High-dose benzodiazepine (BZD) dependence represents an emerging and under-reported addiction phenomenon and is associated with reduced quality of life. To date there are no guidelines for the treatment of high-dose BZD withdrawal. Low-dose slow flumazenil infusion was reported to be effective for high-dose BZD detoxification, but there is concern about the risk of convulsions during this treatment. We evaluated the occurrence of seizures in 450 consecutive high-dose BZD dependence patients admitted to our unit from April 2012 to April 2016 for detoxification with low-dose slow subcutaneous infusion of flumazenil associated with routine anticonvulsant prophylaxis. In our sample, 22 patients (4.9%) reported history of convulsions when previously attempting BZD withdrawal. Only four patients (0.9%) had seizures during ( n = 2) or immediately after ( n = 2) flumazenil infusion. The two patients with seizures during flumazenil infusion were poly-drug misusers. The most common antiepileptic drugs (AEDs) used for anticonvulsant prophylaxis were either valproate 1000 mg or levetiracetam 1000 mg. Our data indicate that, when routinely associated with AEDs prophylaxis, low-dose slow subcutaneous flumazenil infusion represents a safe procedure, with low risk of seizure occurrence.

Determinants of Quality of Life in High-Dose Benzodiazepine Misusers.

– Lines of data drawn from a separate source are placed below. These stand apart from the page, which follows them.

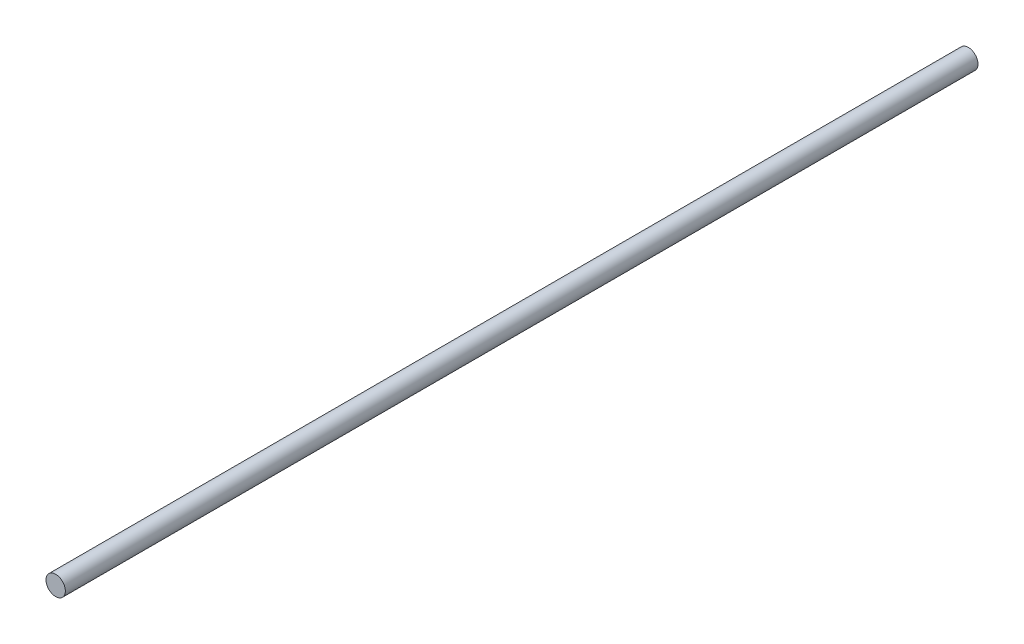
from build123d import *

# Parameters (mm, degrees)
SKETCH1_R           = 3
BOSS_EXTRUDE1_DEPTH = 141.25


with BuildPart() as part:
    # Sketch1 → Boss-Extrude1 (new body, symmetric)
    with BuildSketch(Plane.XY):
        Circle(SKETCH1_R)
    extrude(amount=BOSS_EXTRUDE1_DEPTH, both=True)


solid = part.part

Benzodiazepines (BZDs) are among the most widely prescribed drugs in developed countries, but they have a high potential for tolerance, dependence and misuse. High-dose BZD misuse represents an emerging addiction phenomenon, but data on quality of life (QoL) in high-dose BZD misusers are scant. This study aimed to explore QoL in high-dose BZD misuse. We recruited 267 high-dose BZD misusers, compared the QoL scores in those who took BZD only to poly-drug misusers, and explored the role of demographic and clinical covariates through multivariable analysis. Our data confirmed worse QoL in high-dose BZD misusers and showed that (a) QoL scores were not negatively influenced by the misuse of alcohol or other drugs, or by coexisting psychiatric disorders; (b) demographic variables turned out to be the most significant predictors of QoL scores; (c) BZD intake significantly and negatively influenced QoL. Physical and psychological dimensions of QoL are significantly lower in high-dose BZD misusers with no significant effect of comorbidities. Our data suggest that the main reason for poor QoL in these patients is high-dose BZD intake per se. QoL should be considered among outcome measures in these patients.